→ **Excerpts from a dataset**
● ● ● ●

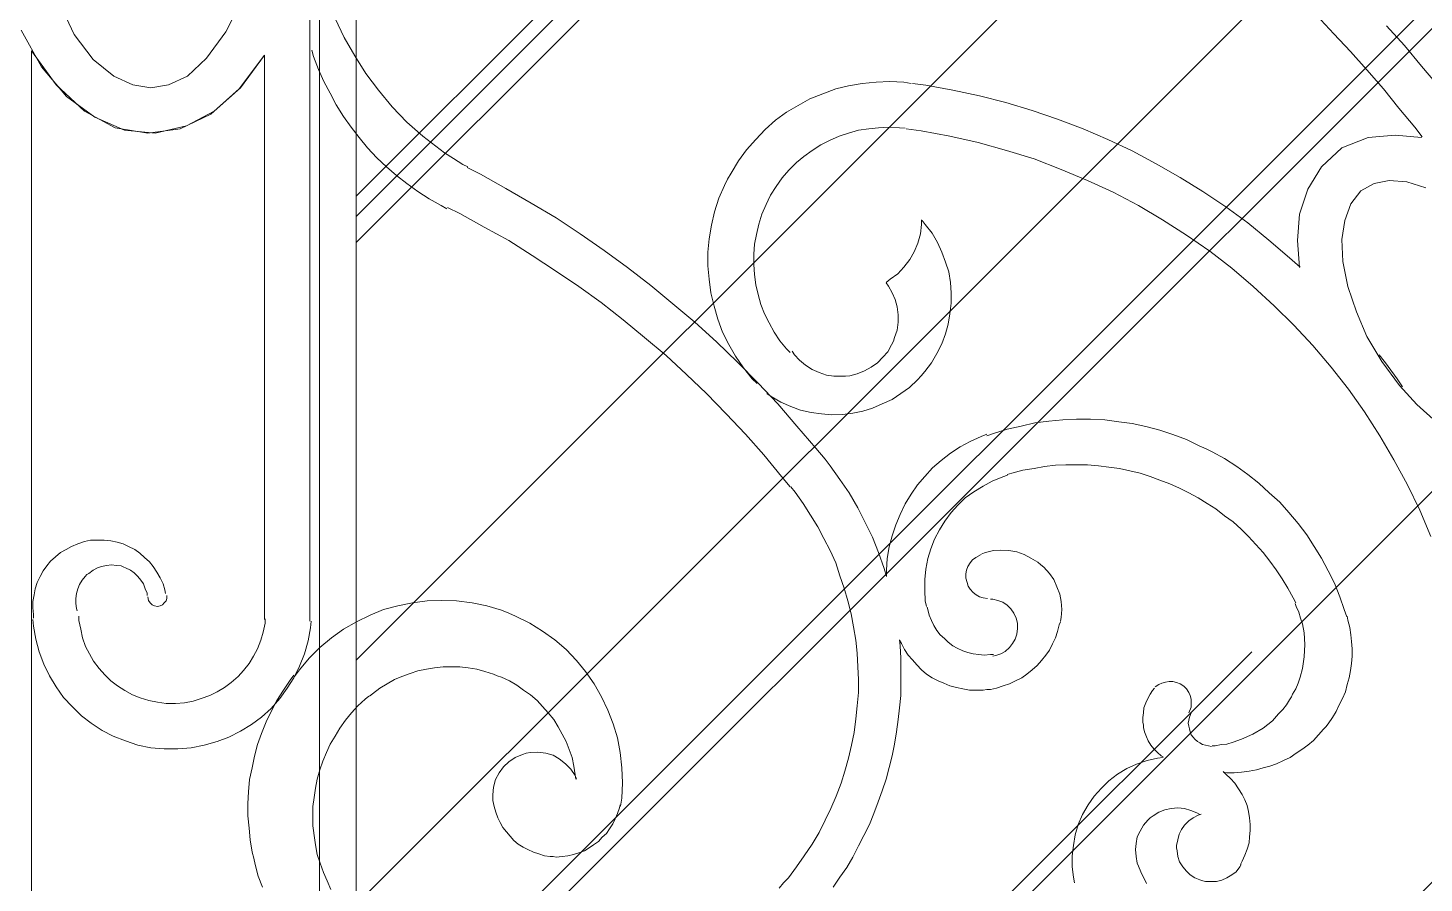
# Model space of a CAD drawing. Header units: millimetres. Extents: x -9564 to 494436, y -140371 to 4257.
# Drawn here: x 110.2838 to 110.6622, y 117.1777 to 117.4096 of the extents above; entities that cross this region are included whole.
import ezdxf
from ezdxf.enums import TextEntityAlignment as Align

# ---------------------------------------------------------------- set-up
doc = ezdxf.new("R2010")
doc.units = ezdxf.units.MM
doc.header["$MEASUREMENT"] = 0
doc.linetypes.add('SLD-Solid', pattern=[0])
for name, color, linetype, lineweight in [('0.05', 252, 'Continuous', 5), ('09-Arsiran', 8, 'Continuous', 5), ('DOOR OPENING', 4, 'SLD-Solid', 5), ('XR-KOP A3_MOZART$0$A-TXTKOP', 3, 'Continuous', 5)]:
    doc.layers.add(name, color=color, linetype=linetype, lineweight=lineweight)
doc.styles.add('HAND', font='ROMAND.SHX', dxfattribs={"width": 0.8, "height": 250})
doc.styles.add('XR-KOP A3_MOZART$0$ROMAND', font='romand.shx', dxfattribs={"height": 2, "bigfont": 'bigfont.shx'})

# ---------------------------------------------------------------- blocks, each defined once
blk = doc.blocks.new('j1')
at = {"layer": '09-Arsiran'}
h = blk.add_hatch(dxfattribs=at)
h.set_pattern_fill('AR-RROOF', color=256, scale=0.005, angle=45)
h.set_pattern_definition([(45, (0.02591, 0), (0.107763073, 0.287368196), [1.905, -0.254, 0.635, -0.127]), (45, (0.10044, 0.16434), (-0.20923997, 0.029634845), [0.381, -0.04191, 0.762, -0.09525]), (45, (-0.005524, 0.12123), (0.406805602, 0.527141034), [1.016, -0.1778, 0.508, -0.127])])
h.paths.add_polyline_path([(343.988, 201.51922), (343.93007, 201.51922), (343.5702, 201.51922), (343.5702, 200.72589), (343.988, 200.72589)])
h.paths.add_polyline_path([(343.5702, 199.91256), (343.988, 199.91256), (343.988, 200.70589), (343.5702, 200.70589)])
h.paths.add_polyline_path([(343.5702, 199.89256), (343.5702, 199.04853), (343.93007, 199.04853), (343.988, 199.04853), (343.988, 199.89256)])
h.paths.add_polyline_path([(342.9704, 199.04853), (343.22033, 199.04853), (343.3902, 199.04853), (343.3902, 199.89256), (343.22033, 199.89256), (342.9704, 199.89256)])
h.paths.add_polyline_path([(343.3902, 200.70589), (343.22033, 200.70589), (342.9704, 200.70589), (342.9704, 199.91256), (343.22033, 199.91256), (343.3902, 199.91256)])
h.paths.add_polyline_path([(342.9704, 200.72589), (343.22033, 200.72589), (343.3902, 200.72589), (343.3902, 201.51922), (343.22033, 201.51922), (342.9704, 201.51922)])
at = {"layer": 'DOOR OPENING'}
for points in [[(342.9604, 201.52922), (342.9604, 199.03853), (343.4002, 199.03853), (343.4002, 201.52922)], [(343.3902, 200.70589), (343.3902, 199.04853), (343.22033, 199.04853), (342.9704, 199.04853), (342.9704, 200.70589), (343.22033, 200.70589)]]:
    blk.add_lwpolyline(points, close=True, dxfattribs=at)
blk = doc.blocks.new('DRHRH')
at = {"layer": '0.05'}
for p, q in [((673.8001, -32.8261), (673.8001, -27.5539)), ((672.9422, -30.6905), (672.8842, -30.5676)), ((673.5543, -30.5631), (673.494, -30.6815)), ((673.8917, -30.6324), (673.9251, -30.7016)), ((677.5243, -30.6882), (677.4617, -30.6212)), ((677.7811, -30.7306), (677.7164, -30.6592)), ((672.8237, -30.8089), (672.75, -30.6748)), ((673.0115, -30.7821), (672.9422, -30.6905)), ((673.494, -30.6815), (673.4247, -30.7776)), ((673.9251, -30.7016), (673.9631, -30.7686)), ((677.5846, -30.7531), (677.5243, -30.6882)), ((672.788, -35.3462), (672.788, -30.7508)), ((672.8774, -30.8736), (672.788, -30.7508)), ((673.6347, -30.7664), (673.5431, -30.8893)), ((673.6347, -30.7664), (673.5476, -30.8848)), ((673.6347, -32.8196), (673.6347, -30.7664)), ((673.8068, -30.7485), (673.8134, -30.7709)), ((673.8134, -30.7709), (673.8314, -30.8178)), ((673.9631, -30.7686), (674.0034, -30.8335)), ((677.6449, -30.8201), (677.5846, -30.7531)), ((677.8437, -30.8066), (677.7811, -30.7306)), ((672.9154, -30.9161), (672.8237, -30.8089)), ((673.0874, -30.8424), (673.0115, -30.7821)), ((673.4247, -30.7776), (673.3556, -30.8424)), ((673.8314, -30.8178), (673.8514, -30.8625)), ((677.7051, -30.8893), (677.6449, -30.8201)), ((677.9063, -30.8803), (677.8437, -30.8066)), ((672.9802, -30.9698), (672.8774, -30.8736)), ((673.1567, -30.8736), (673.0874, -30.8424)), ((673.2214, -30.8848), (673.1567, -30.8736)), ((673.2863, -30.8736), (673.2214, -30.8848)), ((673.3556, -30.8424), (673.2863, -30.8736)), ((673.8514, -30.8625), (673.8738, -30.9049)), ((674.0034, -30.8335), (674.0503, -30.8938)), ((675.8085, -30.8692), (675.7593, -30.8781)), ((675.8599, -30.8646), (675.8085, -30.8692)), ((675.9091, -30.8625), (675.8599, -30.8646)), ((675.9603, -30.8646), (675.9091, -30.8625)), ((675.9872, -30.8692), (675.9603, -30.8646)), ((676.0408, -30.8759), (675.9916, -30.8692)), ((673.0182, -30.9921), (672.9154, -30.9161)), ((673.5431, -30.8893), (673.4404, -30.9809)), ((673.5476, -30.8848), (673.4516, -30.9698)), ((673.8738, -30.9049), (673.8961, -30.9473)), ((674.0503, -30.8938), (674.0994, -30.9541)), ((675.6186, -30.9251), (675.5762, -30.9496)), ((675.6655, -30.9072), (675.6186, -30.9251)), ((675.7125, -30.8893), (675.6655, -30.9072)), ((675.7593, -30.8781), (675.7125, -30.8893)), ((676.1392, -30.8938), (676.0408, -30.8759)), ((676.2352, -30.9139), (676.1392, -30.8938)), ((676.3313, -30.9385), (676.2352, -30.9139)), ((677.761, -30.9585), (677.7051, -30.8893)), ((673.0919, -31.0301), (672.9802, -30.9698)), ((673.4516, -30.9698), (673.351, -31.0233)), ((673.8961, -30.9473), (673.923, -30.9898)), ((674.0994, -30.9541), (674.1531, -31.0099)), ((675.5336, -30.9742), (675.4935, -31.0032)), ((675.5762, -30.9496), (675.5336, -30.9742)), ((676.4273, -30.9675), (676.3313, -30.9385)), ((676.5189, -30.9988), (676.4273, -30.9675)), ((677.8191, -31.0278), (677.761, -30.9585)), ((673.1254, -31.0389), (673.0182, -30.9921)), ((673.351, -31.0233), (673.2371, -31.0502)), ((673.4404, -30.9809), (673.3287, -31.0345)), ((673.923, -30.9898), (673.9497, -31.0278)), ((674.1531, -31.0099), (674.2111, -31.0613)), ((675.4935, -31.0032), (675.4555, -31.0368)), ((676.6127, -31.0345), (676.5189, -30.9988)), ((673.2103, -31.0502), (673.0919, -31.0301)), ((673.2371, -31.0502), (673.1254, -31.0389)), ((673.3287, -31.0345), (673.2103, -31.0502)), ((673.9497, -31.0278), (673.9788, -31.0658)), ((673.9788, -31.0658), (674.0101, -31.1038)), ((674.2111, -31.0613), (674.2581, -31.0971)), ((675.4219, -31.0725), (675.3885, -31.1105)), ((675.4555, -31.0368), (675.4219, -31.0725)), ((675.6901, -31.0769), (675.6588, -31.0926)), ((675.7258, -31.0613), (675.6901, -31.0769)), ((675.7593, -31.0502), (675.7258, -31.0613)), ((675.7951, -31.0389), (675.7593, -31.0502)), ((675.8331, -31.0345), (675.7951, -31.0389)), ((675.8688, -31.0301), (675.8331, -31.0345)), ((675.9068, -31.0278), (675.8688, -31.0301)), ((675.9448, -31.0301), (675.9068, -31.0278)), ((675.9649, -31.0322), (675.9448, -31.0301)), ((676.0229, -31.0412), (675.9693, -31.0345)), ((676.1279, -31.0613), (676.0229, -31.0412)), ((676.2308, -31.0836), (676.1279, -31.0613)), ((676.7022, -31.0725), (676.6127, -31.0345)), ((676.7915, -31.1149), (676.7022, -31.0725)), ((677.5533, -31.1038), (677.6493, -31.0658)), ((677.6493, -31.0658), (677.7477, -31.0568)), ((677.7477, -31.0568), (677.8437, -31.0658)), ((677.846, -31.0635), (677.8191, -31.0278)), ((674.0101, -31.1038), (674.0436, -31.1395)), ((674.2581, -31.0971), (674.2894, -31.1216)), ((674.2894, -31.1216), (674.3228, -31.1418)), ((675.3885, -31.1105), (675.3595, -31.1506)), ((675.6275, -31.1126), (675.5962, -31.135)), ((675.6588, -31.0926), (675.6275, -31.1126)), ((676.3335, -31.1126), (676.2308, -31.0836)), ((676.434, -31.1439), (676.3335, -31.1126)), ((676.8786, -31.1618), (676.7915, -31.1149)), ((677.4796, -31.173), (677.5533, -31.1038)), ((674.0436, -31.1395), (674.0794, -31.173)), ((674.0794, -31.173), (674.1151, -31.2043)), ((674.3228, -31.1418), (674.3564, -31.1641)), ((674.3564, -31.1641), (674.3743, -31.173)), ((674.4211, -31.1998), (674.372, -31.1752)), ((675.3595, -31.1506), (675.3326, -31.1953)), ((675.5695, -31.1573), (675.5426, -31.1842)), ((675.5962, -31.135), (675.5695, -31.1573)), ((676.5323, -31.1819), (676.434, -31.1439)), ((676.9657, -31.211), (676.8786, -31.1618)), ((677.4304, -31.2535), (677.4796, -31.173)), ((674.1151, -31.2043), (674.1531, -31.2333)), ((674.5127, -31.2512), (674.4211, -31.1998)), ((675.3192, -31.2176), (675.3081, -31.24)), ((675.3326, -31.1953), (675.3192, -31.2176)), ((675.5181, -31.2132), (675.4958, -31.2445)), ((675.5426, -31.1842), (675.5181, -31.2132)), ((676.6283, -31.2222), (676.5323, -31.1819)), ((676.7222, -31.2646), (676.6283, -31.2222)), ((677.0484, -31.2623), (676.9657, -31.211)), ((677.6717, -31.2333), (677.7253, -31.2222)), ((677.7253, -31.2222), (677.7901, -31.2266)), ((677.7901, -31.2266), (677.8594, -31.2489)), ((674.1531, -31.2333), (674.1933, -31.2623)), ((674.1933, -31.2623), (674.2335, -31.2892)), ((674.6044, -31.3048), (674.5127, -31.2512)), ((675.3081, -31.24), (675.2879, -31.2869)), ((675.4756, -31.2758), (675.4666, -31.2936)), ((675.4958, -31.2445), (675.4756, -31.2758)), ((676.8139, -31.3138), (676.7222, -31.2646)), ((677.131, -31.3182), (677.0484, -31.2623)), ((677.3991, -31.345), (677.4304, -31.2535)), ((677.5868, -31.307), (677.6226, -31.2602)), ((677.6226, -31.2602), (677.6717, -31.2333)), ((674.2335, -31.2892), (674.2781, -31.3138)), ((674.2781, -31.3138), (674.2983, -31.3249)), ((674.3452, -31.3428), (674.3005, -31.3205)), ((674.696, -31.3585), (674.6044, -31.3048)), ((675.2879, -31.2869), (675.2724, -31.3361)), ((675.4599, -31.3093), (675.4444, -31.345)), ((675.4666, -31.2936), (675.4599, -31.3093)), ((676.9009, -31.3652), (676.8139, -31.3138)), ((677.2114, -31.3763), (677.131, -31.3182)), ((677.5644, -31.3673), (677.5868, -31.307)), ((674.4345, -31.3919), (674.3452, -31.3428)), ((674.7831, -31.4165), (674.696, -31.3585)), ((675.2724, -31.3361), (675.2611, -31.3852)), ((675.4332, -31.3808), (675.4242, -31.4188)), ((675.4444, -31.345), (675.4332, -31.3808)), ((676.0252, -31.383), (676.0252, -31.3652)), ((676.0386, -31.383), (676.0275, -31.3673)), ((676.988, -31.421), (676.9009, -31.3652)), ((677.2874, -31.4389), (677.2114, -31.3763)), ((677.3924, -31.441), (677.3991, -31.345)), ((677.5533, -31.4366), (677.5644, -31.3673)), ((674.524, -31.441), (674.4345, -31.3919)), ((674.8702, -31.4769), (674.7831, -31.4165)), ((675.2611, -31.3852), (675.2522, -31.4343)), ((675.4242, -31.4188), (675.4175, -31.4545)), ((676.0118, -31.45), (676.0208, -31.4165)), ((676.0208, -31.4165), (676.0252, -31.383)), ((676.0632, -31.4143), (676.0386, -31.383)), ((676.0833, -31.4478), (676.0632, -31.4143)), ((677.073, -31.479), (676.988, -31.421)), ((674.6088, -31.4947), (674.524, -31.441)), ((674.9551, -31.5393), (674.8702, -31.4769)), ((675.2522, -31.4343), (675.2478, -31.4835)), ((675.2478, -31.4835), (675.2478, -31.5327)), ((675.4175, -31.4545), (675.4154, -31.4902)), ((675.9828, -31.5103), (675.9983, -31.4813)), ((675.9983, -31.4813), (676.0118, -31.45)), ((676.0989, -31.4835), (676.0833, -31.4478)), ((676.1123, -31.5193), (676.0989, -31.4835)), ((677.1534, -31.5416), (677.073, -31.479)), ((677.3634, -31.5036), (677.2874, -31.4389)), ((677.3991, -31.5393), (677.3924, -31.441)), ((677.5577, -31.517), (677.5533, -31.4366)), ((674.6937, -31.5506), (674.6088, -31.4947)), ((675.2478, -31.5327), (675.2522, -31.5819)), ((675.4154, -31.4902), (675.4154, -31.5282)), ((675.4154, -31.5282), (675.4175, -31.5639)), ((675.9603, -31.5372), (675.9828, -31.5103)), ((676.1235, -31.555), (676.1123, -31.5193)), ((677.4014, -31.5372), (677.3634, -31.5036)), ((677.5756, -31.6086), (677.5577, -31.517)), ((674.7785, -31.6086), (674.6937, -31.5506)), ((675.0399, -31.6042), (674.9551, -31.5393)), ((675.2522, -31.5819), (675.2589, -31.631)), ((675.4175, -31.5639), (675.4219, -31.6019)), ((675.8956, -31.593), (675.9112, -31.5819)), ((675.9112, -31.5819), (675.9381, -31.5617)), ((675.9381, -31.5617), (675.9603, -31.5372)), ((676.1302, -31.593), (676.1235, -31.555)), ((677.2316, -31.6086), (677.1534, -31.5416)), ((674.859, -31.6667), (674.7785, -31.6086)), ((675.1204, -31.6712), (675.0399, -31.6042)), ((675.2589, -31.631), (675.2701, -31.6802)), ((675.4219, -31.6019), (675.4309, -31.6377)), ((675.9045, -31.6065), (675.8956, -31.5952)), ((675.9179, -31.631), (675.9045, -31.6065)), ((675.9292, -31.6556), (675.9179, -31.631)), ((676.1325, -31.631), (676.1302, -31.593)), ((676.1325, -31.6689), (676.1325, -31.631)), ((677.3076, -31.6779), (677.2316, -31.6086)), ((677.6069, -31.7002), (677.5756, -31.6086)), ((674.9394, -31.7293), (674.859, -31.6667)), ((675.2008, -31.7382), (675.1204, -31.6712)), ((675.2701, -31.6802), (675.2835, -31.727)), ((675.4309, -31.6377), (675.4399, -31.6735)), ((675.4399, -31.6735), (675.4532, -31.7069)), ((675.9358, -31.6823), (675.9292, -31.6556)), ((675.9403, -31.7115), (675.9358, -31.6823)), ((676.1279, -31.7069), (676.1325, -31.6689)), ((677.379, -31.7493), (677.3076, -31.6779)), ((675.0177, -31.794), (674.9394, -31.7293)), ((675.2835, -31.727), (675.3014, -31.774)), ((675.4532, -31.7069), (675.4712, -31.7405)), ((675.9403, -31.7382), (675.9403, -31.7115)), ((676.1212, -31.7449), (676.1279, -31.7069)), ((677.6449, -31.7896), (677.6069, -31.7002)), ((675.2791, -31.8097), (675.2008, -31.7382)), ((675.3014, -31.774), (675.3237, -31.8186)), ((675.4712, -31.7405), (675.4891, -31.774)), ((675.4891, -31.774), (675.5091, -31.8052)), ((675.9269, -31.794), (675.9358, -31.7673)), ((675.9358, -31.7673), (675.9403, -31.7382)), ((676.0989, -31.8165), (676.1123, -31.7806)), ((676.1123, -31.7806), (676.1212, -31.7449)), ((677.4483, -31.8232), (677.379, -31.7493)), ((675.0958, -31.8589), (675.0177, -31.794)), ((675.3549, -31.8835), (675.2791, -31.8097)), ((675.3237, -31.8186), (675.3482, -31.861)), ((675.5091, -31.8052), (675.5336, -31.8343)), ((675.5336, -31.8343), (675.5471, -31.8477)), ((675.9023, -31.8455), (675.9158, -31.8209)), ((675.9158, -31.8209), (675.9225, -31.8075)), ((675.9225, -31.8075), (675.9269, -31.794)), ((676.081, -31.8522), (676.0989, -31.8165)), ((677.5153, -31.9013), (677.4483, -31.8232)), ((677.6986, -31.8812), (677.6449, -31.7896)), ((675.1695, -31.9282), (675.0958, -31.8589)), ((675.3482, -31.861), (675.3774, -31.9036)), ((675.4309, -31.9594), (675.3549, -31.8835)), ((675.5538, -31.8432), (675.5628, -31.8566)), ((675.5628, -31.8566), (675.5806, -31.8767)), ((675.5806, -31.8767), (675.6029, -31.8946)), ((675.8421, -31.9013), (675.8643, -31.8856)), ((675.8643, -31.8856), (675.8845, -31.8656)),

● ● ● ●

→ **WHAT YOU ARE ASKED TO DO**
When the word "blocks" shows up in a line of the entries, pull that line out.

→ **ANSWER TO THIS EXERCISE**
# ---------------------------------------------------------------- blocks, each defined once
blk = doc.blocks.new('j1')
blk = doc.blocks.new('DRHRH')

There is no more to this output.